The bromate formation accompanied by the degradation of 2,4-bromophenol in UV/peroxymonosulfate

This study explored the degradation kinetics of 2,4-bromophenol (2,4-DBP) and the fate of bromine affected by different water matrix (i.e., dissolved organic matter (DOC), chloride ions (Cl⁻)) and operation conditions (i.e., peroxymonosulfate (HSO₅⁻) dosage, 2,4-DBP concentration, and solution pH) in UV/HSO₅⁻ process. Results showed that there was a linear positive correlation between the apparent pseudo-first order rate constant of 2,4-DBP degradation (k_obs) and HSO₅⁻ dosage.
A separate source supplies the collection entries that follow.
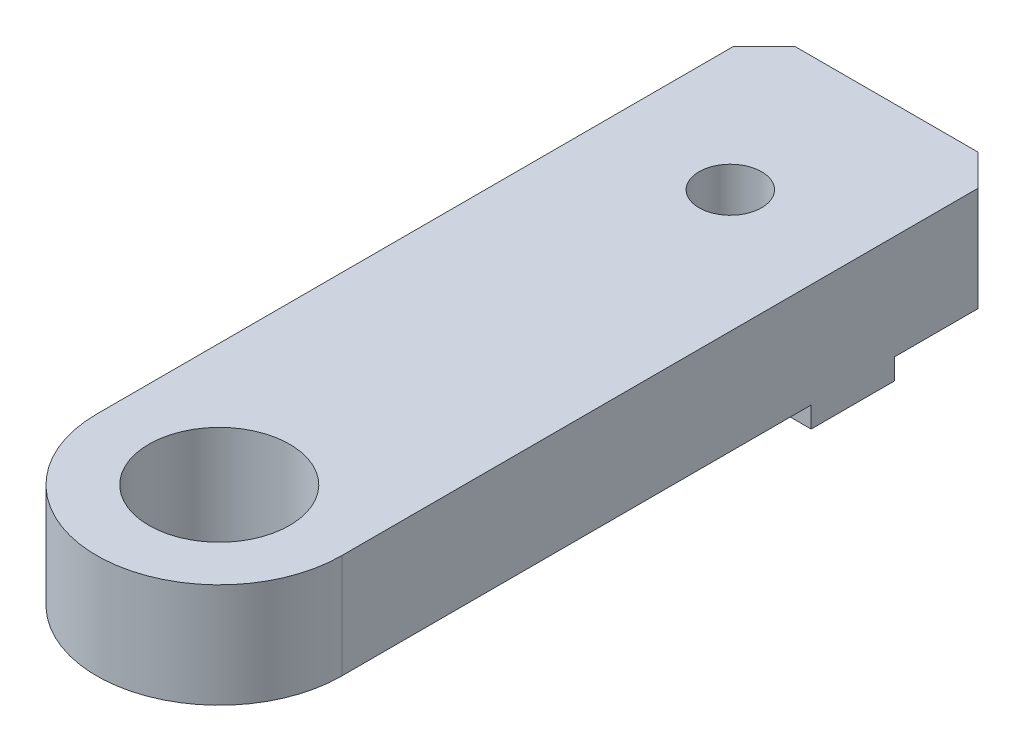
ISO-10303-21;
HEADER;
FILE_DESCRIPTION(('STEP AP214'),'2;1');
FILE_NAME('part.step','',(''),(''),'','','');
FILE_SCHEMA(('AUTOMOTIVE_DESIGN { 1 0 10303 214 1 1 1 1 }'));
ENDSEC;
DATA;
#1=APPLICATION_CONTEXT('core data for automotive mechanical design processes');
#2=APPLICATION_PROTOCOL_DEFINITION('international standard','automotive_design',2000,#1);
#3=PRODUCT_CONTEXT('',#1,'mechanical');
#4=PRODUCT('Part','Part','',(#3));
#5=PRODUCT_RELATED_PRODUCT_CATEGORY('part','',(#4));
#6=PRODUCT_DEFINITION_FORMATION('','',#4);
#7=PRODUCT_DEFINITION_CONTEXT('part definition',#1,'design');
#8=PRODUCT_DEFINITION('design','',#6,#7);
#9=PRODUCT_DEFINITION_SHAPE('','',#8);
#10=(LENGTH_UNIT() NAMED_UNIT(*) SI_UNIT(.MILLI.,.METRE.));
#11=(NAMED_UNIT(*) PLANE_ANGLE_UNIT() SI_UNIT($,.RADIAN.));
#12=(NAMED_UNIT(*) SI_UNIT($,.STERADIAN.) SOLID_ANGLE_UNIT());
#13=UNCERTAINTY_MEASURE_WITH_UNIT(LENGTH_MEASURE(1.E-05),#10,'distance_accuracy_value','');
#14=(GEOMETRIC_REPRESENTATION_CONTEXT(3) GLOBAL_UNCERTAINTY_ASSIGNED_CONTEXT((#13)) GLOBAL_UNIT_ASSIGNED_CONTEXT((#10,
#11,#12)) REPRESENTATION_CONTEXT('',''));
#15=CARTESIAN_POINT('',(0.,0.,0.));
#16=DIRECTION('',(0.,0.,1.));
#17=DIRECTION('',(1.,0.,0.));
#18=AXIS2_PLACEMENT_3D('',#15,#16,#17);
#19=CARTESIAN_POINT('',(0.,-2.,0.));
#20=DIRECTION('',(0.,1.,0.));
#21=DIRECTION('',(0.,0.,1.));
#22=AXIS2_PLACEMENT_3D('',#19,#20,#21);
#23=PLANE('',#22);
#24=CARTESIAN_POINT('',(0.,-2.,-49.));
#25=DIRECTION('',(0.,-1.,0.));
#26=DIRECTION('',(0.,0.,-1.));
#27=AXIS2_PLACEMENT_3D('',#24,#25,#26);
#28=CIRCLE('',#27,6.);
#29=CARTESIAN_POINT('',(5.42104741743151,-2.,-51.5714285714286));
#30=VERTEX_POINT('',#29);
#31=CARTESIAN_POINT('',(5.42104741743151,-2.,-46.4285714285714));
#32=VERTEX_POINT('',#31);
#33=EDGE_CURVE('E330',#30,#32,#28,.T.);
#34=ORIENTED_EDGE('',*,*,#33,.F.);
#35=CARTESIAN_POINT('',(6.32455532033676,-2.,-52.));
#36=DIRECTION('',(0.,1.,0.));
#37=DIRECTION('',(0.,0.,1.));
#38=AXIS2_PLACEMENT_3D('',#35,#36,#37);
#39=CIRCLE('',#38,1.);
#40=CARTESIAN_POINT('',(6.32455532033676,-2.,-53.));
#41=VERTEX_POINT('',#40);
#42=EDGE_CURVE('E259',#30,#41,#39,.F.);
#43=ORIENTED_EDGE('',*,*,#42,.T.);
#44=DIRECTION('',(1.,0.,0.));
#45=VECTOR('',#44,1.);
#46=CARTESIAN_POINT('',(-11.75,-2.,-53.));
#47=LINE('',#46,#45);
#48=CARTESIAN_POINT('',(11.75,-2.,-53.));
#49=VERTEX_POINT('',#48);
#50=EDGE_CURVE('E177',#41,#49,#47,.T.);
#51=ORIENTED_EDGE('',*,*,#50,.T.);
#52=DIRECTION('',(0.,0.,1.));
#53=VECTOR('',#52,1.);
#54=CARTESIAN_POINT('',(11.75,-2.,-53.));
#55=LINE('',#54,#53);
#56=CARTESIAN_POINT('',(11.75,-2.,-45.));
#57=VERTEX_POINT('',#56);
#58=EDGE_CURVE('E174',#49,#57,#55,.T.);
#59=ORIENTED_EDGE('',*,*,#58,.T.);
#60=DIRECTION('',(-1.,0.,0.));
#61=VECTOR('',#60,1.);
#62=CARTESIAN_POINT('',(-11.75,-2.,-45.));
#63=LINE('',#62,#61);
#64=CARTESIAN_POINT('',(6.32455532033676,-2.,-45.));
#65=VERTEX_POINT('',#64);
#66=EDGE_CURVE('E162',#57,#65,#63,.T.);
#67=ORIENTED_EDGE('',*,*,#66,.T.);
#68=CARTESIAN_POINT('',(6.32455532033676,-2.,-46.));
#69=DIRECTION('',(0.,1.,0.));
#70=DIRECTION('',(0.,0.,1.));
#71=AXIS2_PLACEMENT_3D('',#68,#69,#70);
#72=CIRCLE('',#71,1.);
#73=EDGE_CURVE('E257',#65,#32,#72,.F.);
#74=ORIENTED_EDGE('',*,*,#73,.T.);
#75=EDGE_LOOP('',(#34,#43,#51,#59,#67,#74));
#76=FACE_BOUND('',#75,.T.);
#77=ADVANCED_FACE('F37',(#76),#23,.F.);
#78=CARTESIAN_POINT('',(-11.75,-2.,-45.));
#79=DIRECTION('',(0.,0.,-1.));
#80=DIRECTION('',(-1.,0.,0.));
#81=AXIS2_PLACEMENT_3D('',#78,#79,#80);
#82=PLANE('',#81);
#83=DIRECTION('',(-1.,0.,0.));
#84=VECTOR('',#83,1.);
#85=CARTESIAN_POINT('',(-11.75,0.,-45.));
#86=LINE('',#85,#84);
#87=CARTESIAN_POINT('',(11.75,0.,-45.));
#88=VERTEX_POINT('',#87);
#89=CARTESIAN_POINT('',(6.32455532033676,0.,-45.));
#90=VERTEX_POINT('',#89);
#91=EDGE_CURVE('E311',#88,#90,#86,.T.);
#92=ORIENTED_EDGE('',*,*,#91,.T.);
#93=DIRECTION('',(0.,-1.,0.));
#94=VECTOR('',#93,1.);
#95=CARTESIAN_POINT('',(6.32455532033676,-2.,-45.));
#96=LINE('',#95,#94);
#97=EDGE_CURVE('E168',#90,#65,#96,.T.);
#98=ORIENTED_EDGE('',*,*,#97,.T.);
#99=ORIENTED_EDGE('',*,*,#66,.F.);
#100=DIRECTION('',(0.,1.,0.));
#101=VECTOR('',#100,1.);
#102=CARTESIAN_POINT('',(11.75,-2.,-45.));
#103=LINE('',#102,#101);
#104=EDGE_CURVE('E166',#57,#88,#103,.T.);
#105=ORIENTED_EDGE('',*,*,#104,.T.);
#106=EDGE_LOOP('',(#92,#98,#99,#105));
#107=FACE_BOUND('',#106,.T.);
#108=ADVANCED_FACE('F164',(#107),#82,.F.);
#109=CARTESIAN_POINT('',(-11.75,-2.,-53.));
#110=DIRECTION('',(0.,0.,1.));
#111=DIRECTION('',(1.,0.,0.));
#112=AXIS2_PLACEMENT_3D('',#109,#110,#111);
#113=PLANE('',#112);
#114=DIRECTION('',(1.,0.,0.));
#115=VECTOR('',#114,1.);
#116=CARTESIAN_POINT('',(-11.75,0.,-53.));
#117=LINE('',#116,#115);
#118=CARTESIAN_POINT('',(-11.75,0.,-53.));
#119=VERTEX_POINT('',#118);
#120=CARTESIAN_POINT('',(-6.32455532033676,0.,-53.));
#121=VERTEX_POINT('',#120);
#122=EDGE_CURVE('E181',#119,#121,#117,.T.);
#123=ORIENTED_EDGE('',*,*,#122,.T.);
#124=DIRECTION('',(0.,-1.,0.));
#125=VECTOR('',#124,1.);
#126=CARTESIAN_POINT('',(-6.32455532033676,-2.,-53.));
#127=LINE('',#126,#125);
#128=CARTESIAN_POINT('',(-6.32455532033676,-2.,-53.));
#129=VERTEX_POINT('',#128);
#130=EDGE_CURVE('E261',#121,#129,#127,.T.);
#131=ORIENTED_EDGE('',*,*,#130,.T.);
#132=CARTESIAN_POINT('',(-11.75,-2.,-53.));
#133=VERTEX_POINT('',#132);
#134=EDGE_CURVE('E308',#133,#129,#47,.T.);
#135=ORIENTED_EDGE('',*,*,#134,.F.);
#136=DIRECTION('',(0.,1.,0.));
#137=VECTOR('',#136,1.);
#138=CARTESIAN_POINT('',(-11.75,-2.,-53.));
#139=LINE('',#138,#137);
#140=EDGE_CURVE('E195',#133,#119,#139,.T.);
#141=ORIENTED_EDGE('',*,*,#140,.T.);
#142=EDGE_LOOP('',(#123,#131,#135,#141));
#143=FACE_BOUND('',#142,.T.);
#144=ADVANCED_FACE('F320',(#143),#113,.F.);
#145=CARTESIAN_POINT('',(0.,0.,0.));
#146=DIRECTION('',(0.,1.,0.));
#147=DIRECTION('',(0.,0.,1.));
#148=AXIS2_PLACEMENT_3D('',#145,#146,#147);
#149=PLANE('',#148);
#150=CARTESIAN_POINT('',(0.,0.,0.));
#151=DIRECTION('',(0.,1.,0.));
#152=DIRECTION('',(0.,0.,1.));
#153=AXIS2_PLACEMENT_3D('',#150,#151,#152);
#154=CIRCLE('',#153,6.75);
#155=CARTESIAN_POINT('',(0.,0.,6.75));
#156=VERTEX_POINT('',#155);
#157=EDGE_CURVE('E188',#156,#156,#154,.T.);
#158=ORIENTED_EDGE('',*,*,#157,.T.);
#159=EDGE_LOOP('',(#158));
#160=FACE_BOUND('',#159,.T.);
#161=CARTESIAN_POINT('',(-6.32455532033676,0.,-45.));
#162=VERTEX_POINT('',#161);
#163=CARTESIAN_POINT('',(-11.75,0.,-45.));
#164=VERTEX_POINT('',#163);
#165=EDGE_CURVE('E285',#162,#164,#86,.T.);
#166=ORIENTED_EDGE('',*,*,#165,.F.);
#167=CARTESIAN_POINT('',(-6.32455532033676,0.,-46.));
#168=DIRECTION('',(0.,1.,0.));
#169=DIRECTION('',(0.,0.,1.));
#170=AXIS2_PLACEMENT_3D('',#167,#168,#169);
#171=CIRCLE('',#170,1.);
#172=CARTESIAN_POINT('',(-5.42104741743151,0.,-46.4285714285714));
#173=VERTEX_POINT('',#172);
#174=EDGE_CURVE('E45',#162,#173,#171,.T.);
#175=ORIENTED_EDGE('',*,*,#174,.T.);
#176=CARTESIAN_POINT('',(0.,0.,-49.));
#177=DIRECTION('',(0.,1.,0.));
#178=DIRECTION('',(0.,0.,1.));
#179=AXIS2_PLACEMENT_3D('',#176,#177,#178);
#180=CIRCLE('',#179,6.);
#181=CARTESIAN_POINT('',(-5.42104741743151,0.,-51.5714285714286));
#182=VERTEX_POINT('',#181);
#183=EDGE_CURVE('E283',#173,#182,#180,.F.);
#184=ORIENTED_EDGE('',*,*,#183,.T.);
#185=CARTESIAN_POINT('',(-6.32455532033676,0.,-52.));
#186=DIRECTION('',(0.,1.,0.));
#187=DIRECTION('',(0.,0.,1.));
#188=AXIS2_PLACEMENT_3D('',#185,#186,#187);
#189=CIRCLE('',#188,1.);
#190=EDGE_CURVE('E277',#182,#121,#189,.T.);
#191=ORIENTED_EDGE('',*,*,#190,.T.);
#192=ORIENTED_EDGE('',*,*,#122,.F.);
#193=DIRECTION('',(0.,0.,-1.));
#194=VECTOR('',#193,1.);
#195=CARTESIAN_POINT('',(-11.75,0.,0.));
#196=LINE('',#195,#194);
#197=CARTESIAN_POINT('',(-11.75,0.,-61.));
#198=VERTEX_POINT('',#197);
#199=EDGE_CURVE('E226',#119,#198,#196,.T.);
#200=ORIENTED_EDGE('',*,*,#199,.T.);
#201=DIRECTION('',(-0.70710678118655,0.,0.707106781186545));
#202=VECTOR('',#201,1.);
#203=CARTESIAN_POINT('',(-11.75,0.,-61.));
#204=LINE('',#203,#202);
#205=CARTESIAN_POINT('',(-8.74999999999998,0.,-64.));
#206=VERTEX_POINT('',#205);
#207=EDGE_CURVE('E237',#198,#206,#204,.F.);
#208=ORIENTED_EDGE('',*,*,#207,.T.);
#209=DIRECTION('',(1.,0.,0.));
#210=VECTOR('',#209,1.);
#211=CARTESIAN_POINT('',(0.,0.,-64.));
#212=LINE('',#211,#210);
#213=CARTESIAN_POINT('',(8.75,0.,-64.));
#214=VERTEX_POINT('',#213);
#215=EDGE_CURVE('E223',#206,#214,#212,.T.);
#216=ORIENTED_EDGE('',*,*,#215,.T.);
#217=DIRECTION('',(-0.707106781186546,0.,-0.707106781186549));
#218=VECTOR('',#217,1.);
#219=CARTESIAN_POINT('',(8.75,0.,-64.));
#220=LINE('',#219,#218);
#221=CARTESIAN_POINT('',(11.75,0.,-61.));
#222=VERTEX_POINT('',#221);
#223=EDGE_CURVE('E239',#214,#222,#220,.F.);
#224=ORIENTED_EDGE('',*,*,#223,.T.);
#225=DIRECTION('',(0.,0.,1.));
#226=VECTOR('',#225,1.);
#227=CARTESIAN_POINT('',(11.75,0.,0.));
#228=LINE('',#227,#226);
#229=CARTESIAN_POINT('',(11.75,0.,-53.));
#230=VERTEX_POINT('',#229);
#231=EDGE_CURVE('E220',#222,#230,#228,.T.);
#232=ORIENTED_EDGE('',*,*,#231,.T.);
#233=CARTESIAN_POINT('',(6.32455532033676,0.,-53.));
#234=VERTEX_POINT('',#233);
#235=EDGE_CURVE('E313',#234,#230,#117,.T.);
#236=ORIENTED_EDGE('',*,*,#235,.F.);
#237=CARTESIAN_POINT('',(6.32455532033676,0.,-52.));
#238=DIRECTION('',(0.,1.,0.));
#239=DIRECTION('',(0.,0.,1.));
#240=AXIS2_PLACEMENT_3D('',#237,#238,#239);
#241=CIRCLE('',#240,1.);
#242=CARTESIAN_POINT('',(5.42104741743151,0.,-51.5714285714286));
#243=VERTEX_POINT('',#242);
#244=EDGE_CURVE('E275',#234,#243,#241,.T.);
#245=ORIENTED_EDGE('',*,*,#244,.T.);
#246=CARTESIAN_POINT('',(5.42104741743151,0.,-46.4285714285714));
#247=VERTEX_POINT('',#246);
#248=EDGE_CURVE('E292',#243,#247,#180,.F.);
#249=ORIENTED_EDGE('',*,*,#248,.T.);
#250=CARTESIAN_POINT('',(6.32455532033676,0.,-46.));
#251=DIRECTION('',(0.,1.,0.));
#252=DIRECTION('',(0.,0.,1.));
#253=AXIS2_PLACEMENT_3D('',#250,#251,#252);
#254=CIRCLE('',#253,1.);
#255=EDGE_CURVE('E11',#247,#90,#254,.T.);
#256=ORIENTED_EDGE('',*,*,#255,.T.);
#257=ORIENTED_EDGE('',*,*,#91,.F.);
#258=CARTESIAN_POINT('',(11.75,0.,0.));
#259=VERTEX_POINT('',#258);
#260=EDGE_CURVE('E187',#88,#259,#228,.T.);
#261=ORIENTED_EDGE('',*,*,#260,.T.);
#262=CARTESIAN_POINT('',(0.,0.,0.));
#263=DIRECTION('',(0.,1.,0.));
#264=DIRECTION('',(0.,0.,1.));
#265=AXIS2_PLACEMENT_3D('',#262,#263,#264);
#266=CIRCLE('',#265,11.75);
#267=CARTESIAN_POINT('',(-11.75,0.,0.));
#268=VERTEX_POINT('',#267);
#269=EDGE_CURVE('E192',#268,#259,#266,.T.);
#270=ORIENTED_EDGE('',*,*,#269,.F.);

The k_obs decreased as the initial 2,4-DBP concentrations increased, and significantly increased by raising the pH value from 5 to 9. The presence of Cl⁻ had negligible effect on the degradation of 2,4-DBP in UV/HSO₅⁻ process, while DOC showed the remarkable inhibitory effect. In addition, results indicated that the formation of bromate (BrO₃⁻) from 2,4-DBP oxidation exhibited biphasic kinetics under various conditions (i.e., BrO₃⁻ was undetectable in the lag phase and rapidly generated in the secondary phase). The yield of BrO₃⁻ increased up to 100% when HSO₅⁻ dosage was higher than 500 μM. The longer lag-phase of BrO₃⁻ formation was observed when the initial 2,4-DBP concentration increased from 1 μM to 10 μΜ, while the formation rate and concentration of BrO₃⁻ were promoted. The lag phase of BrO₃⁻ formation at pH 5 was shorter than that at pH 7 (i.e., 0 min vs 5 min), while no BrO₃⁻ was detected at pH 9. The presence of Cl⁻ (1–5 mM) suppressed BrO₃⁻ formation significantly. DOC could scavenge the generated HOBr/OBr⁻ and bromine atom (Br·) to inhibit the yield of BrO₃⁻. This study suggested that bromophenols could be degraded effectively by UV/HSO₅⁻ process, whereas the great potential of BrO₃⁻ formation should be paid attention to during advanced oxidation of bromine-containing aromatic compounds.